> Exercise instructions:
Using the records below, quote only the span that opens with the line containing "line L10 (5, -6) -> (5, -3) projected" and closes with the line containing "line L17 (6, 11.25) -> (0, 11.25) projected", exactly and inclusively.
# # # # #
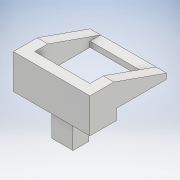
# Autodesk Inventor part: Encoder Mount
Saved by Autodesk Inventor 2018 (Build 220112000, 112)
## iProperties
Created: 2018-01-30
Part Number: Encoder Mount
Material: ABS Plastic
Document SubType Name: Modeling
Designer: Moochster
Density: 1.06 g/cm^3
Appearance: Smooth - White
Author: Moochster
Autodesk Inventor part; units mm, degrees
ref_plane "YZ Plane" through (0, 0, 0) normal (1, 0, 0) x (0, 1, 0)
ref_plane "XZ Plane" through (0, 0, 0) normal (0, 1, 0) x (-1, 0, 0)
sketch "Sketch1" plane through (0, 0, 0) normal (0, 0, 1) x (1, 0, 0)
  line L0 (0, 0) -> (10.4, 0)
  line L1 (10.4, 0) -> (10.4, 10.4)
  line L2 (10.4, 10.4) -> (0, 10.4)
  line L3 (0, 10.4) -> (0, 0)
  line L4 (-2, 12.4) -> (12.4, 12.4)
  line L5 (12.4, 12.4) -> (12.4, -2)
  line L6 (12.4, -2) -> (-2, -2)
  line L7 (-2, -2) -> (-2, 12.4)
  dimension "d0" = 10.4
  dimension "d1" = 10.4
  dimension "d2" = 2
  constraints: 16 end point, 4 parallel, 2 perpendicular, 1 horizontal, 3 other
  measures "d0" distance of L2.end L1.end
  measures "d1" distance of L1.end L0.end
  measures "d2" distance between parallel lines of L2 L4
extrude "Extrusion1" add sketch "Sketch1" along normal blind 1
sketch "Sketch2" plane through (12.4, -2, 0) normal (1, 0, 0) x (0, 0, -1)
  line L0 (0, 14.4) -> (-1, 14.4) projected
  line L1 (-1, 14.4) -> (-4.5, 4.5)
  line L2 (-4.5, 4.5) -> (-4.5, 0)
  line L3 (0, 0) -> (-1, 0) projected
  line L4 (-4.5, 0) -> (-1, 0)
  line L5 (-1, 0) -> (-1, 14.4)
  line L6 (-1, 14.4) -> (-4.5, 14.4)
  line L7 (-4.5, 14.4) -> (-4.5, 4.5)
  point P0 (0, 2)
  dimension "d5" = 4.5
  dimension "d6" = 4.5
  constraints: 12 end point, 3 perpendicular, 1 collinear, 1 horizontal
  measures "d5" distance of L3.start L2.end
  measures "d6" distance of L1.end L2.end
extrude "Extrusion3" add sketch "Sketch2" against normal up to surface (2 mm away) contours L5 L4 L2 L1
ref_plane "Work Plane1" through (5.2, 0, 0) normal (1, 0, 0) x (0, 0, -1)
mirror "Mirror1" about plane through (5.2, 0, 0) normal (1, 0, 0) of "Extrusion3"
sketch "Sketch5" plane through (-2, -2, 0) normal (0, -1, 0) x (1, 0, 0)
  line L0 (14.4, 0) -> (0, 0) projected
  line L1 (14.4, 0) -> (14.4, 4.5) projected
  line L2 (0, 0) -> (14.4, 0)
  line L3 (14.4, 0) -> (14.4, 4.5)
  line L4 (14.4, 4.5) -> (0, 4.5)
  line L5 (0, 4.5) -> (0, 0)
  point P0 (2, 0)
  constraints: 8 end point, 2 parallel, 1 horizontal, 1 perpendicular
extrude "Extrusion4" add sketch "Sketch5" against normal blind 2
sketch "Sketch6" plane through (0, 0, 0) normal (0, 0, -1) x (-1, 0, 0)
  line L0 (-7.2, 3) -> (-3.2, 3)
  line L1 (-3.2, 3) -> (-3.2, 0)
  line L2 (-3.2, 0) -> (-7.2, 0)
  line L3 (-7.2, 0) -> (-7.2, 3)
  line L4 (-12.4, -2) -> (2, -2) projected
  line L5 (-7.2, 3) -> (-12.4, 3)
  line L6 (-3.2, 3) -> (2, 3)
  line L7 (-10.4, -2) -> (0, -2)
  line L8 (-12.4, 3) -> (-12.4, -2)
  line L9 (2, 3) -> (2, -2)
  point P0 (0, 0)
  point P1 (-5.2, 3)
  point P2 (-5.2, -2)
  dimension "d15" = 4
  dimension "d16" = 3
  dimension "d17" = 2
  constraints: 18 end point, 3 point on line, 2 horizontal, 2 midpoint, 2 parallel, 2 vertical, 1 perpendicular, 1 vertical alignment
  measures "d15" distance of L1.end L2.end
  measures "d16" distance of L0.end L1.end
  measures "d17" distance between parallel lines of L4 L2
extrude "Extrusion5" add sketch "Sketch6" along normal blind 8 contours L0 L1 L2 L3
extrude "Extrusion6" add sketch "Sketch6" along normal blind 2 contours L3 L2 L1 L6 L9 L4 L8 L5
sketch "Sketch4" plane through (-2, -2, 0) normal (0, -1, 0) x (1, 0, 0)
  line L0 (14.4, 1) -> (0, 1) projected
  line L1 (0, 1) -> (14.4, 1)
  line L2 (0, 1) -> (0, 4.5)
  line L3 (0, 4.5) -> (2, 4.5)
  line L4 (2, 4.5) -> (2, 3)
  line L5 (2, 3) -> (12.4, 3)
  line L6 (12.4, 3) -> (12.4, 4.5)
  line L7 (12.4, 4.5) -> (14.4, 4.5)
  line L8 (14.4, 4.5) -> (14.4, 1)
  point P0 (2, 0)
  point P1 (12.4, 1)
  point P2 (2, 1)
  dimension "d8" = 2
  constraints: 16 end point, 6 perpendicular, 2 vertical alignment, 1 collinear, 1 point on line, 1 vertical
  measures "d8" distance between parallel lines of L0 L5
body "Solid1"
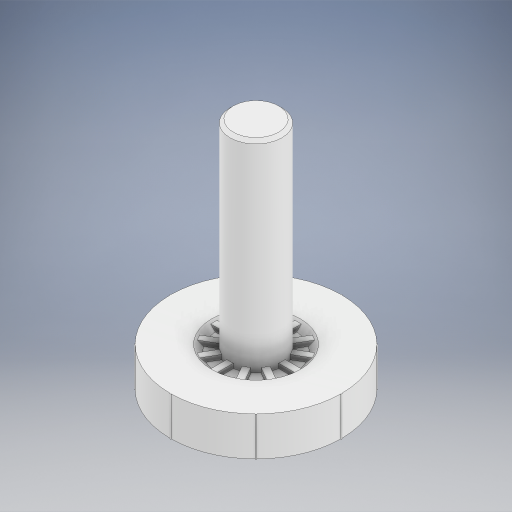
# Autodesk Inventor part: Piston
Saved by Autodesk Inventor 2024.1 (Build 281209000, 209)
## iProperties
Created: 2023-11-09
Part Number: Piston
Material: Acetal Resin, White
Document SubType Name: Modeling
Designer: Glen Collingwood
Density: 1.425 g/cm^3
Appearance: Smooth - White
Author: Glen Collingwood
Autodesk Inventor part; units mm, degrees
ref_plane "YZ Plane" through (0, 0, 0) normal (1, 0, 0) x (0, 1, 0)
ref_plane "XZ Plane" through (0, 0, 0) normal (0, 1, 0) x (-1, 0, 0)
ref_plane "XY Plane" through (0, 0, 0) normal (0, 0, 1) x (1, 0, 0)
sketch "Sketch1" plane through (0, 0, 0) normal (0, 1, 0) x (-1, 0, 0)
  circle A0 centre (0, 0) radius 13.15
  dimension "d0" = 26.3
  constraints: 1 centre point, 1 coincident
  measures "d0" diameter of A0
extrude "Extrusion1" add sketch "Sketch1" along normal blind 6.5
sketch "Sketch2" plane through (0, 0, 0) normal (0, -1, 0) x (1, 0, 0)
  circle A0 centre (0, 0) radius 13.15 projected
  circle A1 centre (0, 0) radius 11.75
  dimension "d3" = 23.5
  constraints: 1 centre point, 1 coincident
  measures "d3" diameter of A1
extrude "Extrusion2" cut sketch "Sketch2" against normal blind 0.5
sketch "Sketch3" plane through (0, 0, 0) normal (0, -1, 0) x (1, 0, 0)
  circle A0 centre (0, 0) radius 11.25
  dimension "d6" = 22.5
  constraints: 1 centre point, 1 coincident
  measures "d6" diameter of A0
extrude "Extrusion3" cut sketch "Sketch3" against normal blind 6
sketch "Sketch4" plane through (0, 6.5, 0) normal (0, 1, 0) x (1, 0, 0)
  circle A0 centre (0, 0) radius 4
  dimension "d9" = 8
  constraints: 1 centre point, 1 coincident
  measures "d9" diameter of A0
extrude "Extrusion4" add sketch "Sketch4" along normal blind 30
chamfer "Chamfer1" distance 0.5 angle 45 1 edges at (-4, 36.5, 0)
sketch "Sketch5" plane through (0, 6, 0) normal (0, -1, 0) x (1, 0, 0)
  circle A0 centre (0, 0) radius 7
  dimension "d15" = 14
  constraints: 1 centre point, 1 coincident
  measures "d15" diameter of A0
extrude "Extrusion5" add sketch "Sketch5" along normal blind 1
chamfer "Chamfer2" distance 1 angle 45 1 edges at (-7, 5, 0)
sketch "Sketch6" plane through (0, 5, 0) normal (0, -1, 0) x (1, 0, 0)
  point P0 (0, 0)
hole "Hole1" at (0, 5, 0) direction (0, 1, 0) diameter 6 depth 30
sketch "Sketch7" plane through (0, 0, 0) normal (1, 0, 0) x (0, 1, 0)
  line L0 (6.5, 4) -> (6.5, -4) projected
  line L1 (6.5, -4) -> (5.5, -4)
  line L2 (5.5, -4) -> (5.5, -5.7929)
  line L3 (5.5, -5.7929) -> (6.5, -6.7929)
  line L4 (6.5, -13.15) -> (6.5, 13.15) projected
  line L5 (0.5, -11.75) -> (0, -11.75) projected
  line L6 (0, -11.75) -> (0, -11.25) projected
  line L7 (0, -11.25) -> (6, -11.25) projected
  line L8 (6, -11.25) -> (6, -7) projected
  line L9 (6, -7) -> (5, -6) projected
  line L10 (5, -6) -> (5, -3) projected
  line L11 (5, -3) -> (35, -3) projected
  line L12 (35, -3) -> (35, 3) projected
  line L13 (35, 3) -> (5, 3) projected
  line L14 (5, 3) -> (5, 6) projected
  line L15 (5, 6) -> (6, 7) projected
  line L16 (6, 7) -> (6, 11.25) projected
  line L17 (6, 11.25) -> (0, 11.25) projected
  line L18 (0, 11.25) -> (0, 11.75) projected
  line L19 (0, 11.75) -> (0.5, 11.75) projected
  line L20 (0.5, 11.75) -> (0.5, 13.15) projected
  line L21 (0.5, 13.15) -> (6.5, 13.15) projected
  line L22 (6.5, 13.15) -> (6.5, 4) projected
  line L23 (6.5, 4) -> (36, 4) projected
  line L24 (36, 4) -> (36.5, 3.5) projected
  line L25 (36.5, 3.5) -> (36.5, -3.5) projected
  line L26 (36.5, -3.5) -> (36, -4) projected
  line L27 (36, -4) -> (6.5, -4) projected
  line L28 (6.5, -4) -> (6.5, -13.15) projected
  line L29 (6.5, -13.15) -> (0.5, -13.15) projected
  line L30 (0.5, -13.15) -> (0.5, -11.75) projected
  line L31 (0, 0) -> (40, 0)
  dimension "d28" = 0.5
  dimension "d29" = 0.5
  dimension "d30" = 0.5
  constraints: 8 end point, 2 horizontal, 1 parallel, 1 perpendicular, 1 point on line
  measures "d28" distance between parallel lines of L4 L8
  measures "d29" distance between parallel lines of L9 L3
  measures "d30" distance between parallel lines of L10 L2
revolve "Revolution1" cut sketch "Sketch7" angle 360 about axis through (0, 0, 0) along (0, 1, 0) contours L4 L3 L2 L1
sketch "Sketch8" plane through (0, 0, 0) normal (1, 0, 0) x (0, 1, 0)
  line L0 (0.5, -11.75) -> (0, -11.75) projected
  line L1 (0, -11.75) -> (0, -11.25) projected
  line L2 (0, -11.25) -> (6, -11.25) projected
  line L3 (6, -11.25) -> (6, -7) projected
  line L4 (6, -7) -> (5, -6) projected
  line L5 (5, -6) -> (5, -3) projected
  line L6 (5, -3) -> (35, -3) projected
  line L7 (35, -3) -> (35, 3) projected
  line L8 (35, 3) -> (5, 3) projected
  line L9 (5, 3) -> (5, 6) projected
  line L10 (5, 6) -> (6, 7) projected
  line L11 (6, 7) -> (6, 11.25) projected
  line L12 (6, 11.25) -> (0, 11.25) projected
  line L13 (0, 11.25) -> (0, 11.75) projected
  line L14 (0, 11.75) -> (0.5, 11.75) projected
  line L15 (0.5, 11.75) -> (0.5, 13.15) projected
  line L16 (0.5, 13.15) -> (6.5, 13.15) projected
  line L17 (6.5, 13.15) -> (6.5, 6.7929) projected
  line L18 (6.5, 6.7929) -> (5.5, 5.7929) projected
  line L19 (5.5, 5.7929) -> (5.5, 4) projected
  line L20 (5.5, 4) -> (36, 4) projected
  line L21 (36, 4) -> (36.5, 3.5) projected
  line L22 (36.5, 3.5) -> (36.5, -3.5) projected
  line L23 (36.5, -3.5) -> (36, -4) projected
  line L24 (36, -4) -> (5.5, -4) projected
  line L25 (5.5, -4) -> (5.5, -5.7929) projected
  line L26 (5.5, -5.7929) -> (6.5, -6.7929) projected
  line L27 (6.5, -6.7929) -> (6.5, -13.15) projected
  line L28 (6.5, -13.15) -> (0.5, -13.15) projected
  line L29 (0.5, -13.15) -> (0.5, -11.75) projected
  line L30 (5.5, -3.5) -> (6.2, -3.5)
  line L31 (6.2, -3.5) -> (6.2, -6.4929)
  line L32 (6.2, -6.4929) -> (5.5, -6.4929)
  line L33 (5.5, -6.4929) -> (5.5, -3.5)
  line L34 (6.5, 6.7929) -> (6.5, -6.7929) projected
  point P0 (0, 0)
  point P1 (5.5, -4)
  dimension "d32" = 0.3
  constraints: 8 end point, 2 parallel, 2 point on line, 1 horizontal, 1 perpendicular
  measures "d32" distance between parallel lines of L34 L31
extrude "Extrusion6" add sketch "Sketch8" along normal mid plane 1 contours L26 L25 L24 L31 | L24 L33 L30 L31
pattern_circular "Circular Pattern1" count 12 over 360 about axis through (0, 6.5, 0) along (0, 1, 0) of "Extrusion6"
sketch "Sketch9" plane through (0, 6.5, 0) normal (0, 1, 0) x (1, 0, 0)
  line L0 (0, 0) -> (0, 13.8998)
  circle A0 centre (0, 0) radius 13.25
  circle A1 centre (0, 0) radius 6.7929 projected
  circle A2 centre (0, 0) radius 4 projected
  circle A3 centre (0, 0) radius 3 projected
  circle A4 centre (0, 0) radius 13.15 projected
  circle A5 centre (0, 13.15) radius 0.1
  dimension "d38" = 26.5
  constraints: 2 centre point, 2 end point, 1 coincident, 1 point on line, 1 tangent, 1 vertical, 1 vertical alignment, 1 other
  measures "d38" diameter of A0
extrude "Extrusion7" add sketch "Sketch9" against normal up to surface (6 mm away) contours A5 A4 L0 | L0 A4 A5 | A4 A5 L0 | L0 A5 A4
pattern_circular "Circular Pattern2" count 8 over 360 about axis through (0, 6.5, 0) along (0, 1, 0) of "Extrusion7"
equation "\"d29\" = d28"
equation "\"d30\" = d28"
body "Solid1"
# # # # #
> Output of the task:
  line L10 (5, -6) -> (5, -3) projected
  line L11 (5, -3) -> (35, -3) projected
  line L12 (35, -3) -> (35, 3) projected
  line L13 (35, 3) -> (5, 3) projected
  line L14 (5, 3) -> (5, 6) projected
  line L15 (5, 6) -> (6, 7) projected
  line L16 (6, 7) -> (6, 11.25) projected
  line L17 (6, 11.25) -> (0, 11.25) projected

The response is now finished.